Records to process
◇ ◇ ◇ ◇ ◇

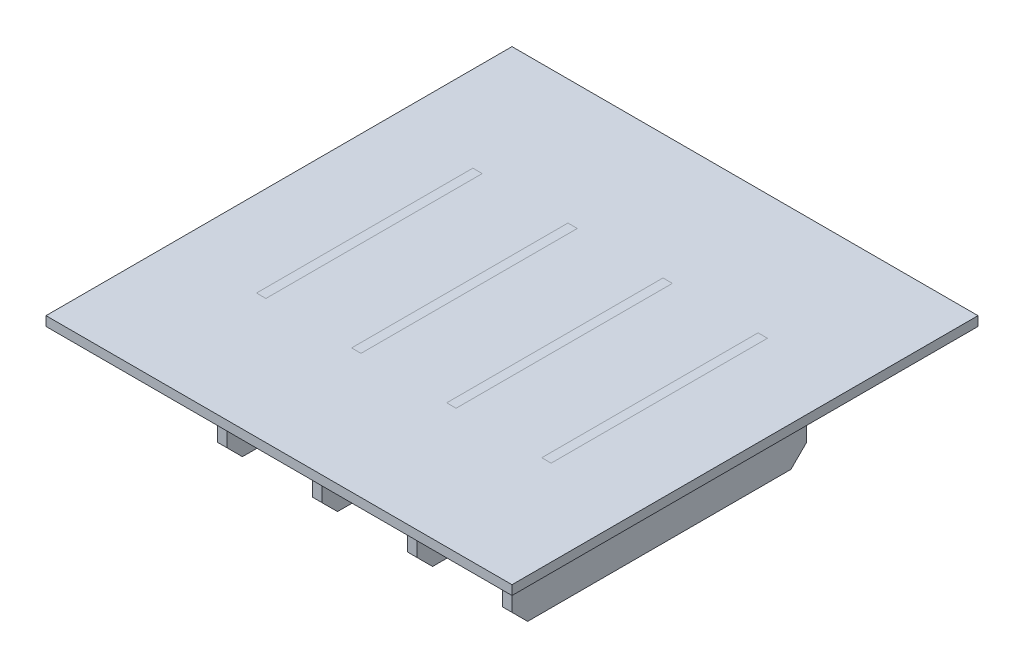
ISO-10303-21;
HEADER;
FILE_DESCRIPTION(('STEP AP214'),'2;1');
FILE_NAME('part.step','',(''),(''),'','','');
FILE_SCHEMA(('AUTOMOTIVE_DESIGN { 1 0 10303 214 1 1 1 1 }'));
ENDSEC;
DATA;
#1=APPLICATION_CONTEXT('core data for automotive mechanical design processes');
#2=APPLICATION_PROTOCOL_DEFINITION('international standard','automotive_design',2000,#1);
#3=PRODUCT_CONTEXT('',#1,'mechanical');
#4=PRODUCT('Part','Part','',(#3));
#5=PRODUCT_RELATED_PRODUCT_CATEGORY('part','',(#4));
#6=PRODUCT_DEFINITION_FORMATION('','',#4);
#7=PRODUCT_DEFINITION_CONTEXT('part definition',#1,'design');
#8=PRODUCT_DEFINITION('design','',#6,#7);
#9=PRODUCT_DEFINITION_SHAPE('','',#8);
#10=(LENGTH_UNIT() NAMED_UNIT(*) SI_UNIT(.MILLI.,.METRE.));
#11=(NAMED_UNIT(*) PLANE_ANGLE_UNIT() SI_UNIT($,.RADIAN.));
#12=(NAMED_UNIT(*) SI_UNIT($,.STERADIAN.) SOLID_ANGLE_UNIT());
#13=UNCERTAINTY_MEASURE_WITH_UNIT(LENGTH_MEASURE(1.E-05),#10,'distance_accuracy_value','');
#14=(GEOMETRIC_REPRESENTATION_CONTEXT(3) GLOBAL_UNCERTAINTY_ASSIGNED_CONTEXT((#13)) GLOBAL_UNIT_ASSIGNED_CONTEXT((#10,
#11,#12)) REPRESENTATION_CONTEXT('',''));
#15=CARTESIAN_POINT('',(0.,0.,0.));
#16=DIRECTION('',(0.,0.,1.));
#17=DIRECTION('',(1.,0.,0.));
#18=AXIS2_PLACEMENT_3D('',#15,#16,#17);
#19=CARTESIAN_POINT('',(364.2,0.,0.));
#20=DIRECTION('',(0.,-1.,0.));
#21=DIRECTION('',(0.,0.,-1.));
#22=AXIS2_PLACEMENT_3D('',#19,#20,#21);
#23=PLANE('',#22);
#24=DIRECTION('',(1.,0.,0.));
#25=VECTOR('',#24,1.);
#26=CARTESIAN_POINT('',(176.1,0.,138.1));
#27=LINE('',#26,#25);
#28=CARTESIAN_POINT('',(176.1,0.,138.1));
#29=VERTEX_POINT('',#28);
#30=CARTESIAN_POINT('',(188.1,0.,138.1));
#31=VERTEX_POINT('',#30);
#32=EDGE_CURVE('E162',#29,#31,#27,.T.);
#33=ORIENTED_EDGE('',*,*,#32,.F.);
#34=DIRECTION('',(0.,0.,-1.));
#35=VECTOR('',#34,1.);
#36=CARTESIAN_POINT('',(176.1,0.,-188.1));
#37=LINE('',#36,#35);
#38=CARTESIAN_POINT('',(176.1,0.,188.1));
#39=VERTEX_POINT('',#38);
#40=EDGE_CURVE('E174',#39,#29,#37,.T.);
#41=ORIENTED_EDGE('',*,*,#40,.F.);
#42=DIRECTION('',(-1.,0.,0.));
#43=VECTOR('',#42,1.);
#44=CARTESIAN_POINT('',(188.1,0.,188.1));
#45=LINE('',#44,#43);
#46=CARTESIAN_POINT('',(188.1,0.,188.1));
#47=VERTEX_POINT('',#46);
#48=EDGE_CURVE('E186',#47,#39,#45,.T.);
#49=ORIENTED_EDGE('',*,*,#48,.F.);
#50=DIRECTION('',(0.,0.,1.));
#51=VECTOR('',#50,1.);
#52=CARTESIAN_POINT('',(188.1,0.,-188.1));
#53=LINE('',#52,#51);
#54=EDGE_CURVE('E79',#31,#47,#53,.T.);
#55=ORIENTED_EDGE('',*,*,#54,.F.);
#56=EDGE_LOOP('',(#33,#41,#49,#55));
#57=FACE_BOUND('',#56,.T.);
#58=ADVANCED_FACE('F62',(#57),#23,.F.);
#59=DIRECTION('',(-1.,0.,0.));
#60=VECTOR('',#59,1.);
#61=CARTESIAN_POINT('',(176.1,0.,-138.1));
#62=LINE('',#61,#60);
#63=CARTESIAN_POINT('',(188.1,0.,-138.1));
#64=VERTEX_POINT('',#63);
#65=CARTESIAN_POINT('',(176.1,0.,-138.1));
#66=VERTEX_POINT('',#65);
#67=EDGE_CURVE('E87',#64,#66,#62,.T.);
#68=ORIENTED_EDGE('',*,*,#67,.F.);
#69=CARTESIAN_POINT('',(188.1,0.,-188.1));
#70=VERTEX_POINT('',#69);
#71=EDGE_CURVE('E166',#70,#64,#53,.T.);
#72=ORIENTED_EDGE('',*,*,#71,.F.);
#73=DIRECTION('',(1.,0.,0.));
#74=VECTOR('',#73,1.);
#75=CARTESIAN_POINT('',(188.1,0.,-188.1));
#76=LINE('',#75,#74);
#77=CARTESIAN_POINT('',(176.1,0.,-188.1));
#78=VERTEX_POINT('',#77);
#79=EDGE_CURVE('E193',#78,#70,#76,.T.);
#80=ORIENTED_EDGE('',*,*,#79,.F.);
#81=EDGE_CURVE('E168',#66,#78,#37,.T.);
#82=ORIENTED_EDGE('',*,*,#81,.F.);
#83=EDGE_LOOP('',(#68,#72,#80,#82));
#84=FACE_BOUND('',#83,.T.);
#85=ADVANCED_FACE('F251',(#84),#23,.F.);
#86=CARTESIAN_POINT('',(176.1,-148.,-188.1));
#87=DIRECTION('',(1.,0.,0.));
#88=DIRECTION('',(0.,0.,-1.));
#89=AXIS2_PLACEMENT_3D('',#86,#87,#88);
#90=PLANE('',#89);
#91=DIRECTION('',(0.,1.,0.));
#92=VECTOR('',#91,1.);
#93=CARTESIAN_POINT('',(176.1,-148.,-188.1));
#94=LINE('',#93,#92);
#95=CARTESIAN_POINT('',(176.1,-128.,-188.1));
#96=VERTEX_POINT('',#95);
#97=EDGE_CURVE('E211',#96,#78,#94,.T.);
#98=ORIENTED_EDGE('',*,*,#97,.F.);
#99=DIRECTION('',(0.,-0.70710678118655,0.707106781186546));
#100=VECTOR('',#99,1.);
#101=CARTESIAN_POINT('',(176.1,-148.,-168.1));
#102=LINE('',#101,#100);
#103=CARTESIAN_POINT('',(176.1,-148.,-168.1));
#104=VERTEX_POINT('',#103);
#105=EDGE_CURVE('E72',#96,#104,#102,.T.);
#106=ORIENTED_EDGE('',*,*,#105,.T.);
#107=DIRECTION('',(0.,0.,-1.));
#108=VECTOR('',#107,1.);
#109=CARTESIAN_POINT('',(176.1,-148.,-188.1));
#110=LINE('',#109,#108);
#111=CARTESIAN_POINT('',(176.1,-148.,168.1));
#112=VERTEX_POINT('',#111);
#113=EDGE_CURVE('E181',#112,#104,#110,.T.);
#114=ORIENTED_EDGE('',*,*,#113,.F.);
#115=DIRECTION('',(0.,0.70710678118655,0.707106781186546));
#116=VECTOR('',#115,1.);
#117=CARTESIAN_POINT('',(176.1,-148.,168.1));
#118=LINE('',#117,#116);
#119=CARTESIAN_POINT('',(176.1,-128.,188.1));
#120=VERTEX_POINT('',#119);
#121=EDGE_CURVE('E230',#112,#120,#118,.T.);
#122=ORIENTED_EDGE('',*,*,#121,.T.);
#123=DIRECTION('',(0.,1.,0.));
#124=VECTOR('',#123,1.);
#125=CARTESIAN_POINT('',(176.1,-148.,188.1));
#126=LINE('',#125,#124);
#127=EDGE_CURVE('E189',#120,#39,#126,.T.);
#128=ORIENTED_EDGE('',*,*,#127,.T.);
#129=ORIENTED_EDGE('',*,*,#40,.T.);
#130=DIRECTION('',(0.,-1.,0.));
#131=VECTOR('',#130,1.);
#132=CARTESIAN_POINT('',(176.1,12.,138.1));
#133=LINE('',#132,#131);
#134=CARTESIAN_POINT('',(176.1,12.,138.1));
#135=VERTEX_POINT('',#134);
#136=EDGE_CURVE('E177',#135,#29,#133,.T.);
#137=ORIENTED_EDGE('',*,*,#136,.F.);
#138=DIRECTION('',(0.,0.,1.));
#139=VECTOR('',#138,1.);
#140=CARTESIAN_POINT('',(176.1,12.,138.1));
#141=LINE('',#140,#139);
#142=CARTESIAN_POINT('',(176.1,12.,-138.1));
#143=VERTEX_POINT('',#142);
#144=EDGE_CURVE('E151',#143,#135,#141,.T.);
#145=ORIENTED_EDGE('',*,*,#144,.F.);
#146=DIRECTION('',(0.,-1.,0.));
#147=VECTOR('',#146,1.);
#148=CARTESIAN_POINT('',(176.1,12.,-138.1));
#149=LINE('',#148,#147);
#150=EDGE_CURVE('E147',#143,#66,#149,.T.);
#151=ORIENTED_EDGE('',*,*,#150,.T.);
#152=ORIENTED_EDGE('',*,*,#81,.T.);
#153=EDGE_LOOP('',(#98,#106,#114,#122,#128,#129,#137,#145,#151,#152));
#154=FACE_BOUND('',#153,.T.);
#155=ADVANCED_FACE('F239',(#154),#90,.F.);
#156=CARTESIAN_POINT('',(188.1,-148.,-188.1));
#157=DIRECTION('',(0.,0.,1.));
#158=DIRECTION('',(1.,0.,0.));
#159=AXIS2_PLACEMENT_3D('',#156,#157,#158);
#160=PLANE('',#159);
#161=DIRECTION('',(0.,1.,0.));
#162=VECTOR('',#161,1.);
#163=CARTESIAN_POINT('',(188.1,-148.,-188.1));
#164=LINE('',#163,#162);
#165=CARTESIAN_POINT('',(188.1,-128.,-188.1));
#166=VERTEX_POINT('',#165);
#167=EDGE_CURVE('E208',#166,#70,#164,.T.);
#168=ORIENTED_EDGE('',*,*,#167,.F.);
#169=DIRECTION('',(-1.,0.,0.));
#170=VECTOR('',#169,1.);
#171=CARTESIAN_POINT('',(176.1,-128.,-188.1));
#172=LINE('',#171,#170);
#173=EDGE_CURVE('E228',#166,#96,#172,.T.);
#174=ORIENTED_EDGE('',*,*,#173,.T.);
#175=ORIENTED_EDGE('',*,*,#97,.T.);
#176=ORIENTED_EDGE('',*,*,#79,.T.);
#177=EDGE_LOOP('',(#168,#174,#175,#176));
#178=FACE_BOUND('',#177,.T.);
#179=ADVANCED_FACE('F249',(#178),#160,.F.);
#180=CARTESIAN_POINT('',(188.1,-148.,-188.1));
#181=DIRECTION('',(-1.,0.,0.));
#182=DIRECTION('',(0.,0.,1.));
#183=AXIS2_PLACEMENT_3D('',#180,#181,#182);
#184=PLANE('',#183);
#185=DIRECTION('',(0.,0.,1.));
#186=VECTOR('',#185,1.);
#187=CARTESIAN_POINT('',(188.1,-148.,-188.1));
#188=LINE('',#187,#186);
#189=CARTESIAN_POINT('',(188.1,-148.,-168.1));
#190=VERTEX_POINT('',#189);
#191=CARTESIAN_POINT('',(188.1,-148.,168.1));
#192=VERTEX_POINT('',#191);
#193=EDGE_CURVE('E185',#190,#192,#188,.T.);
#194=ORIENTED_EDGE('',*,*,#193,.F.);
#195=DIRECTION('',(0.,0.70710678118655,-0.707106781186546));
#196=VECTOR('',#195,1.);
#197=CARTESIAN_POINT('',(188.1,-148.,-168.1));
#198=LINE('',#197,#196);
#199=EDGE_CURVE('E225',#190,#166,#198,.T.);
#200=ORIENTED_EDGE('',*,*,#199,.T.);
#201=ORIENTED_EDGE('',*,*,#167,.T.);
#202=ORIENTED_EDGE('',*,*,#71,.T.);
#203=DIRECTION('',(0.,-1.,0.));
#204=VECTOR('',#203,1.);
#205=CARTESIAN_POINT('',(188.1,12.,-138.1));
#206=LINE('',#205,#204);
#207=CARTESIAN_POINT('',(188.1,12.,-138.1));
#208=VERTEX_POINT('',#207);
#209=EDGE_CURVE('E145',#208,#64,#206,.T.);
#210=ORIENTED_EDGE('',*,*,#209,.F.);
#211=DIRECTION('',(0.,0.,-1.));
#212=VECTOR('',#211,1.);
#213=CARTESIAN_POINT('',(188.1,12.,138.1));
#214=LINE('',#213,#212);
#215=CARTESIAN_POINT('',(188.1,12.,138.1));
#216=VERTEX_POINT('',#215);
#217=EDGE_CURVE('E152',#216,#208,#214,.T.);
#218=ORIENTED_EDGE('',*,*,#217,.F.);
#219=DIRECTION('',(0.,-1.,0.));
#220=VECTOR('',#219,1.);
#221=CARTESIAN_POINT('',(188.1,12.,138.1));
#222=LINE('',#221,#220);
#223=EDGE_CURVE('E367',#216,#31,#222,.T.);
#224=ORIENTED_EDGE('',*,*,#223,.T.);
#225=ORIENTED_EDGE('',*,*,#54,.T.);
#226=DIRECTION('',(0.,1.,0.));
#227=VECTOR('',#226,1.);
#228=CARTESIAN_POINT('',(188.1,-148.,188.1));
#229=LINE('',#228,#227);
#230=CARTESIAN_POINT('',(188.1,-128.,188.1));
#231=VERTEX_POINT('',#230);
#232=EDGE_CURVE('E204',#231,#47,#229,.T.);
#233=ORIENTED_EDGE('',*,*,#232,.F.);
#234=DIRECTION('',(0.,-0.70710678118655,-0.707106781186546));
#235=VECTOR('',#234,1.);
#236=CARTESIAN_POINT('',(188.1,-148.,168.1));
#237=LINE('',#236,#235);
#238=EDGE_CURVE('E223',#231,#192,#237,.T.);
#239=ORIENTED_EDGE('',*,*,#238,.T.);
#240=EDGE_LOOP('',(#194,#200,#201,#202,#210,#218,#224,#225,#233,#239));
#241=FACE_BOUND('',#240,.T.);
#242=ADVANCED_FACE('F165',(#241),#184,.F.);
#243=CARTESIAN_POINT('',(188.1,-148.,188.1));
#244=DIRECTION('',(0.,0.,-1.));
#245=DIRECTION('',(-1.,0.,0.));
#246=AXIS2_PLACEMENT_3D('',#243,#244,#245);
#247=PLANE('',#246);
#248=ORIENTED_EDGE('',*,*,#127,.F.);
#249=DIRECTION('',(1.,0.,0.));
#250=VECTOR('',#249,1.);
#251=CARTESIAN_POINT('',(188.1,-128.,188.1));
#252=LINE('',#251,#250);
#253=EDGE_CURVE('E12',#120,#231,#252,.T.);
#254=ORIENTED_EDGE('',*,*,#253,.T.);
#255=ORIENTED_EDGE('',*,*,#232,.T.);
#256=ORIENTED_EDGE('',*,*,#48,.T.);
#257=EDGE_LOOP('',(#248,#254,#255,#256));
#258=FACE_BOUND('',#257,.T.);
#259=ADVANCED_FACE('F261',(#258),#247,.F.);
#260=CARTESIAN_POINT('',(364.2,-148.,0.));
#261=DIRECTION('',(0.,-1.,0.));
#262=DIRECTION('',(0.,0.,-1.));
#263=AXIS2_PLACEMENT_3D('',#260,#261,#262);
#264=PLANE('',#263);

◇ ◇ ◇ ◇ ◇

What is being asked
For the listing above, give the number of lines that contain the string "mechanical" and nothing else.

Reply to the task
2